2. Tasty. Perfect for a dinner tomorrow night.
3. Good party gift. Can't go empty handed, right?
4. Not so much.
Clearly some brands were drawing a bigger crowd than others; Shelly at Tres Sabores, owned by Julie Johnson mentioned people knew the brand and were particularly excited about the label. Additionally the crowd responded favorably to Julie's fire roasted Zinfandel-Pomegranate grilling sauce, a happy result of the devastating wine losses she suffered in the Mare Island warehouse fire last year. I asked the very hip John Skupny (Lang and Reed) what he would have done differently to make his brand even more appealing to this group. He thought bottling in half gallon jugs with screw caps may be just the thing. Lisa Augustine at Broman enthused about several people knew their boutique brand well having enjoyed it at dinner parties. She was pouring out of magnums and added that the consumers there didn't know much about larger bottles.
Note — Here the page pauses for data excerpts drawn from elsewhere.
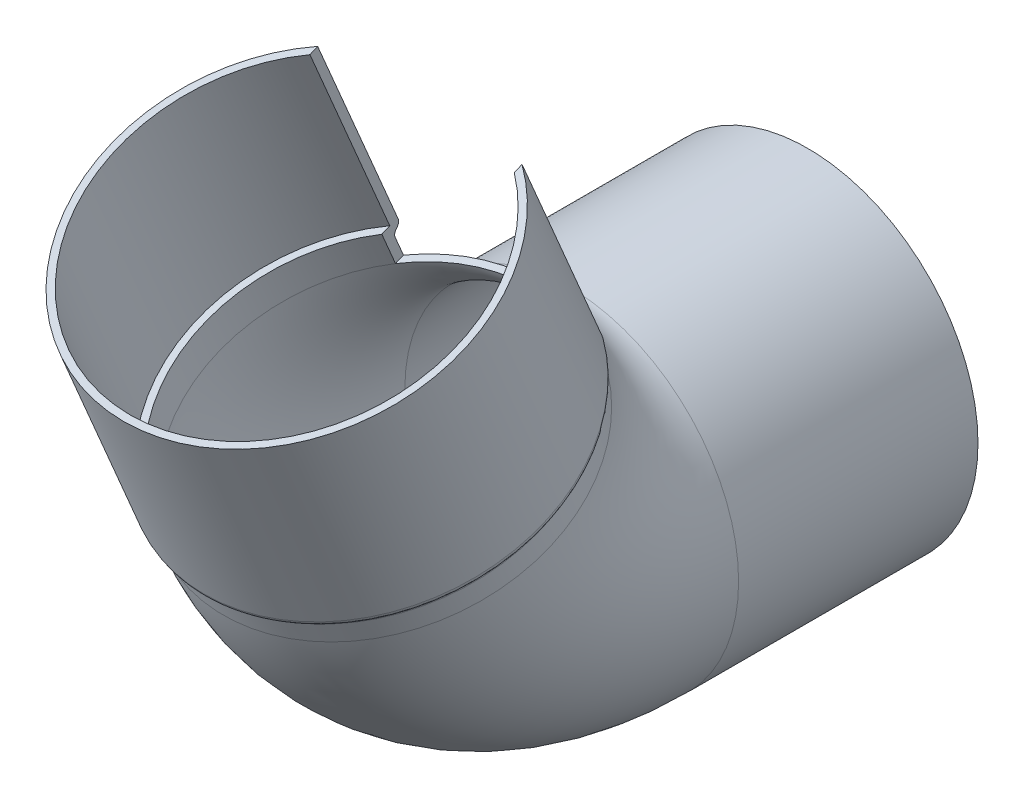
SolidWorks part; units mm, degrees
ref_plane "Plan de face" through (0, 0, 0) normal (0, 0, 1) x (1, 0, 0)
ref_plane "Plan de dessus" through (0, 0, 0) normal (0, 1, 0) x (1, 0, 0)
ref_plane "Plan de droite" through (0, 0, 0) normal (1, 0, 0) x (0, 0, -1)
sketch "Esquisse6" plane through (0, 0, 0) normal (0, 0, 1) x (1, 0, 0)
  circle A0 centre (0, 0) radius 25
sketch "Esquisse7" plane through (0, 0, 0) normal (1, 0, 0) x (0, 0, -1)
  line L0 (0, 0) -> (-35.1434, 0)
  line L1 (-62.7586, 18.2781) -> (-64.3775, 22.0921)
  arc A0 (-35.1434, 0) -> (-62.7586, 18.2781) centre (-35.1434, 30) cw
  point P6 (-55, 0)
  dimension "D4" = 30
  dimension "D1" = 24
  dimension "D2" = 55
  dimension "D3" = 67
sweep "Balayage-Mince2" add profiles "Esquisse6" path "Esquisse7" parameters "D1"=1
sketch "Esquisse8" plane through (0, 41.874, 17.7744) normal (0, 0.9205, 0.3907) x (1, 0, 0)
  line L0 (-24, -50.6278) -> (24, -50.6278) construction
  line L1 (0, -26.6278) -> (0, -74.6278) construction
  circle A0 centre (0, -50.6278) radius 24 construction
  circle A1 centre (0, -50.6278) radius 24 construction
  circle A2 centre (0, -50.6278) radius 24
  point P10 (0, -50.6278)
extrude "Extru.-Mince1" add sketch "Esquisse8" along normal blind 1 separate body thin contours A2
sketch "Esquisse9" plane through (0, 42.7945, 18.1652) normal (0, 0.9205, 0.3907) x (1, 0, 0)
  line L0 (-24, -50.6278) -> (24, -50.6278) construction
  line L1 (0, -26.6278) -> (0, -74.6278) construction
  circle A0 centre (0, -50.6278) radius 24 construction
  circle A1 centre (0, -50.6278) radius 24 construction
  circle A2 centre (0, -50.6278) radius 26
extrude "Extru.-Mince2" add sketch "Esquisse9" along normal blind 30 thin thin type one direction reverse wall 1
fillet "Congé1" radius 1 1 edges at (25, 22.0921, 64.3775)
fillet "Congé2" radius 1 1 edges at (26, 22.0921, 64.3775)
sketch "Esquisse10" plane through (0, 0, 0) normal (0, 0, 1) x (1, 0, 0)
  line L0 (-25, 0) -> (25, 0) construction
ref_plane "Plan1" through (0, 0, 0) normal (0, -0.3907, 0.9205) x (1, 0, 0)
sketch "Esquisse12" plane through (0, 0, 0) normal (0, -0.3907, 0.9205) x (1, 0, 0)
  line L0 (0, 76.4902) -> (0, 41.3468) construction
  line L1 (25, 76.4902) -> (-25, 76.4902) construction
  line L2 (25, 41.3468) -> (-25, 41.3468) construction
  line L4 (-15, 76.4902) -> (15, 76.4902)
  line L5 (-15, 76.4902) -> (-15, 41.3468)
  line L6 (-15, 41.3468) -> (15, 41.3468)
  line L7 (15, 76.4902) -> (15, 41.3468)
  dimension "D1" = 30
  dimension "D2" = 15
extrude "Enlèv. mat.-Extru.1" cut sketch "Esquisse12" along normal blind 40
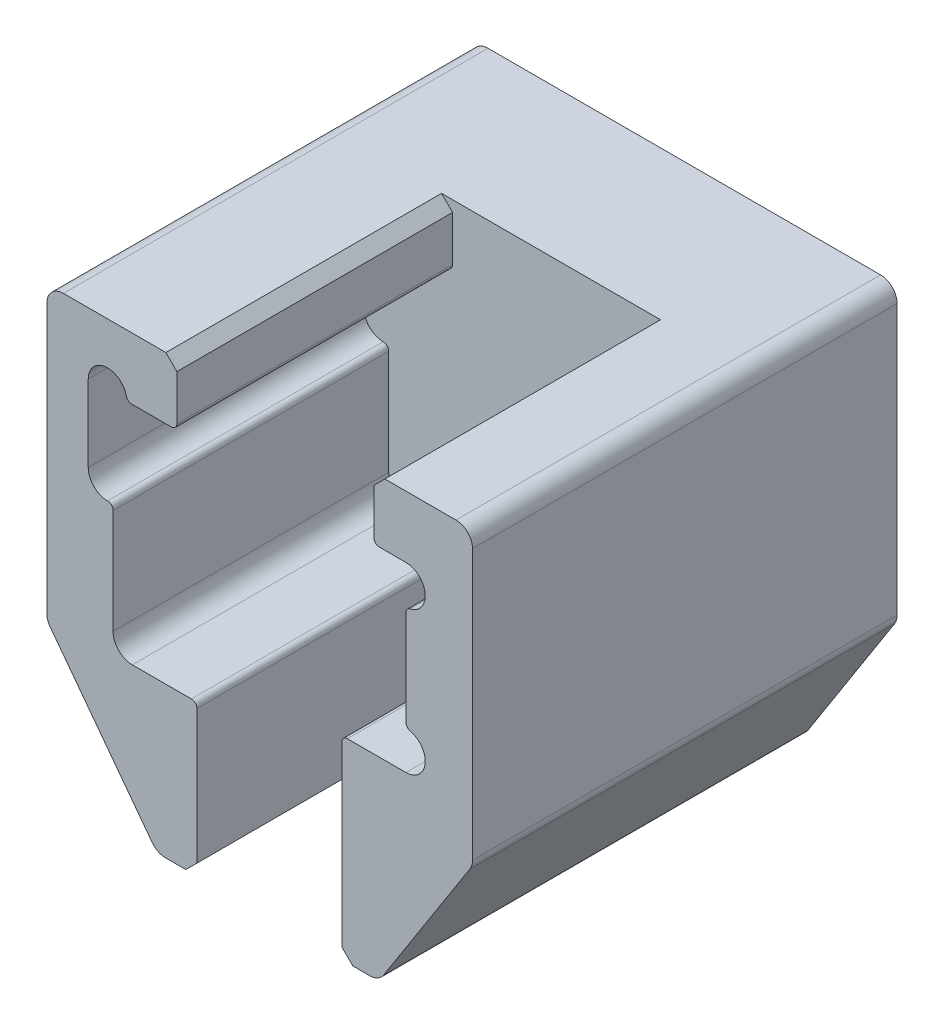
SolidWorks part; units mm, degrees
ref_plane "Alzado" through (0, 0, 0) normal (0, 0, 1) x (1, 0, 0)
ref_plane "Planta" through (0, 0, 0) normal (0, 1, 0) x (1, 0, 0)
ref_plane "Vista lateral" through (0, 0, 0) normal (1, 0, 0) x (0, 0, -1)
sketch "Croquis1" plane through (0, 0, 0) normal (0, 0, 1) x (1, 0, 0)
  line L0 (0, 13.3) -> (0, 39.7)
  line L1 (54.8768, 0) -> (0, 0) construction
  line L2 (0, 0) -> (0, 49.5322) construction
  line L3 (0, 39.7) -> (38.6, 39.7)
  line L4 (38.6, 39.7) -> (38.6, 13.3)
  line L5 (38.6, 13.3) -> (30.1, 0)
  line L6 (30.1, 0) -> (10, 0)
  line L7 (10, 0) -> (0, 13.3)
  dimension "D1" = 38.6
  dimension "D2" = 39.7
  dimension "D3" = 26.4
  dimension "D4" = 8.5
  dimension "D5" = 26.4
  dimension "D6" = 10
extrude "Saliente-Extruir1" add sketch "Croquis1" along normal blind 38.5
sketch "Croquis2" plane through (0, 0, 38.5) normal (0, 0, 1) x (1, 0, 0)
  line L1 (29.65, 39.7) -> (29.65, 34.1)
  line L2 (29.65, 34.1) -> (32.56, 34.1)
  line L3 (32.56, 30.6) -> (32.56, 21.1)
  line L4 (32.56, 17.6) -> (26.74, 17.6)
  line L5 (26.74, 17.6) -> (26.74, 0)
  line L6 (10, 0) -> (30.1, 0) construction
  line L7 (26.74, 0) -> (13.6, 0)
  line L8 (13.6, 0) -> (13.6, 13.65)
  line L9 (13.6, 13.65) -> (7.75, 13.65)
  line L10 (6, 15.4) -> (6, 25.4)
  line L15 (6, 25.4) -> (5.5, 25.4)
  line L17 (7.25, 34.1) -> (11.79, 34.1)
  line L18 (11.79, 34.1) -> (11.79, 39.7)
  line L19 (38.6, 39.7) -> (0, 39.7) construction
  line L20 (0, 39.7) -> (0, 13.3) construction
  line L24 (11.79, 39.7) -> (29.65, 39.7)
  line L26 (3.75, 34.1) -> (3.75, 27.15)
  arc A1 (3.75, 27.15) -> (5.5, 25.4) centre (5.5, 27.15) ccw
  arc A3 (32.56, 17.6) -> (32.56, 21.1) centre (32.56, 19.35) ccw
  arc A4 (32.56, 30.6) -> (32.56, 34.1) centre (32.56, 32.35) ccw
  arc A9 (7.25, 34.1) -> (3.75, 34.1) centre (5.5, 34.1) ccw
  arc A10 (7.75, 13.65) -> (6, 15.4) centre (7.75, 15.4) cw
  dimension "D19" = 3.5
  dimension "D20" = 3.5
  dimension "D21" = 3.5
  dimension "D23" = 17.6
  dimension "D8" = 3.5
  dimension "D10" = 1.75
  dimension "D3" = 16.5
  dimension "D4" = 5.6
  dimension "D5" = 8.7
  dimension "D6" = 13.65
  dimension "D7" = 3.75
  dimension "D9" = 11.79
  dimension "D11" = 26.56
  dimension "D13" = 6
  dimension "D14" = 13.6
  dimension "13.14" = 13.14
  dimension "D17" = 17.86
extrude "Cortar-Extruir1" cut sketch "Croquis2" against normal blind 25
fillet "Redondeo2" radius 0.5 8 edges at (13.6, 13.65, 26) (11.79, 34.1, 26) (29.65, 34.1, 26) (32.56, 30.6, 26) (32.56, 21.1, 26) (26.74, 17.6, 26) (7.25, 34.1, 26) (6, 25.4, 26)
fillet "Redondeo3" radius 1.5 6 edges at (38.6, 13.3, 19.25) (0, 13.3, 19.25) (10, 0, 19.25) (30.1, 0, 19.25) (38.6, 39.7, 19.25) (0, 39.7, 19.25)
sketch "Croquis4" plane through (0, 0, 0) normal (0, 0, -1) x (-1, 0, 0)
  line L0 (-10.7489, 0) -> (-29.2785, 0) construction
  line L1 (-38.6, 13.7384) -> (-38.6, 38.2) construction
  point P0 (-20.6, 10)
  dimension "D1" = 10
  dimension "D2" = 18
hole_wizard "Perforador para roscar Helicoil de M81" positions "Croquis5" profile "Croquis6" hole size "M8x1.0" standard "Ansi Metric"
sketch "Croquis5" plane through (0, 0, 0) normal (0, 0, -1) x (-1, 0, 0)
  point P0 (-20.6, 10)
sketch "Croquis6" plane through (20.6, 10, 0) normal (1, 0, 0) x (0, 1, 0)
  line L0 (0, 0) -> (0, 11.9786)
  line L1 (0, 11.9786) -> (4.125, 9.5)
  line L2 (4.125, 9.5) -> (4.125, 0)
  line L5 (4.125, 0) -> (0, 0)
  line L10 (0, 11.9786) -> (-4.125, 9.5) construction
  line L11 (0, -6.35) -> (0, 107.95) construction
  dimension "Diámetro de taladro" = 8.25
  dimension "Profundidad de taladro" = 9.5
  dimension "Ángulo de perforador" = 118
chamfer "Chaflán1" distance 1 angle 45 4 edges at (11.79, 39.7, 26) (29.65, 39.7, 26) (13.6, 0, 26) (26.74, 0, 26)
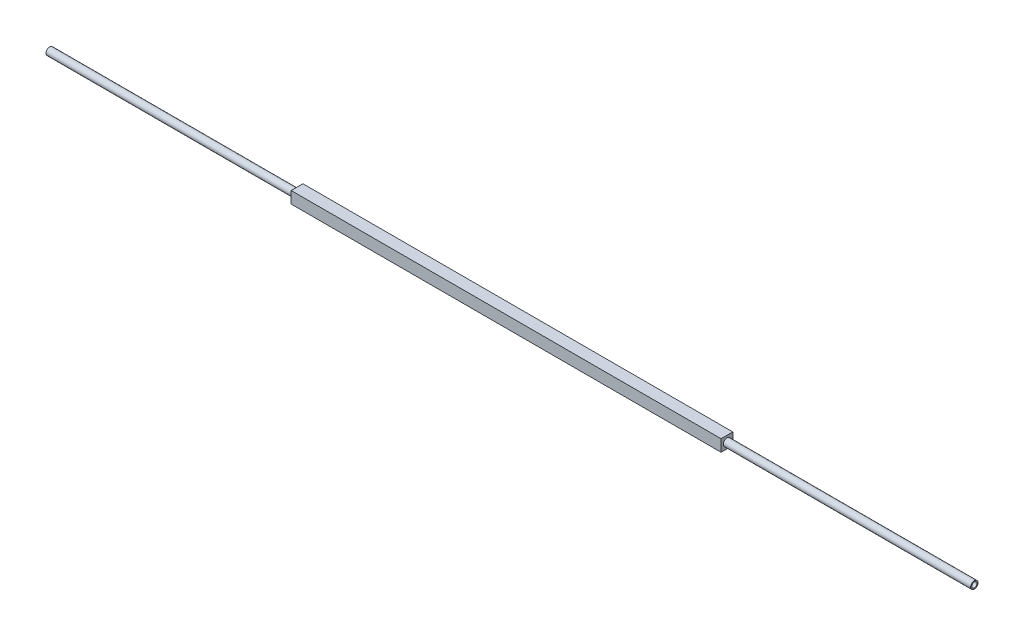
SolidWorks part; units mm, degrees
material "Hexcel AS4C (3000 Filaments)"
ref_plane "Front Plane" through (0, 0, 0) normal (0, 0, 1) x (1, 0, 0)
ref_plane "Top Plane" through (0, 0, 0) normal (0, 1, 0) x (1, 0, 0)
ref_plane "Right Plane" through (0, 0, 0) normal (1, 0, 0) x (0, 0, -1)
sketch "Sketch1" plane through (0, 0, 0) normal (1, 0, 0) x (0, 0, -1)
  line L1 (0, 0) -> (6.35, 0)
  line L2 (0, 0) -> (0, 6.35)
  line L3 (0, 6.35) -> (6.35, 6.35)
  line L4 (6.35, 0) -> (6.35, 6.35)
  circle A0 centre (3.175, 3.175) radius 1.397
  dimension "D3" = 2.794
  dimension "D1" = 6.35
  dimension "D2" = 6.35
extrude "Boss-Extrude1" add sketch "Sketch1" along normal blind 116.205 and the other way blind 116.205
sketch "Sketch3" plane through (0, 0, 0) normal (1, 0, 0) x (0, 0, -1)
  circle A0 centre (3.175, 3.175) radius 1.397 construction
  circle A1 centre (3.175, 3.175) radius 1.397
  circle A2 centre (3.175, 3.175) radius 1.9939
  dimension "D1" = 3.9878
extrude "Boss-Extrude3" add sketch "Sketch3" along normal blind 249.936 and the other way blind 249.936

My favorite visit of the whole evening was with Katherine Noell of Corison. We were chatting about the decision to reach out to this audience by the vintners and i asked how they went about it. She offered that the primary directive was to dress "hip" She said she needed to ask her director of sales to find out from his 22 year old daughter exactly what that would be.
I think this crowd was pretty grown up; at the door along with the stemware they were handing out little stem charms to identify your glass. They were on a hoop and blinked on and off. I kept looking for someone to be wearing it as a nose piercing but had no luck. The most I saw was someone wearing it on their finger.
A pretty tame night in the City by the Bay.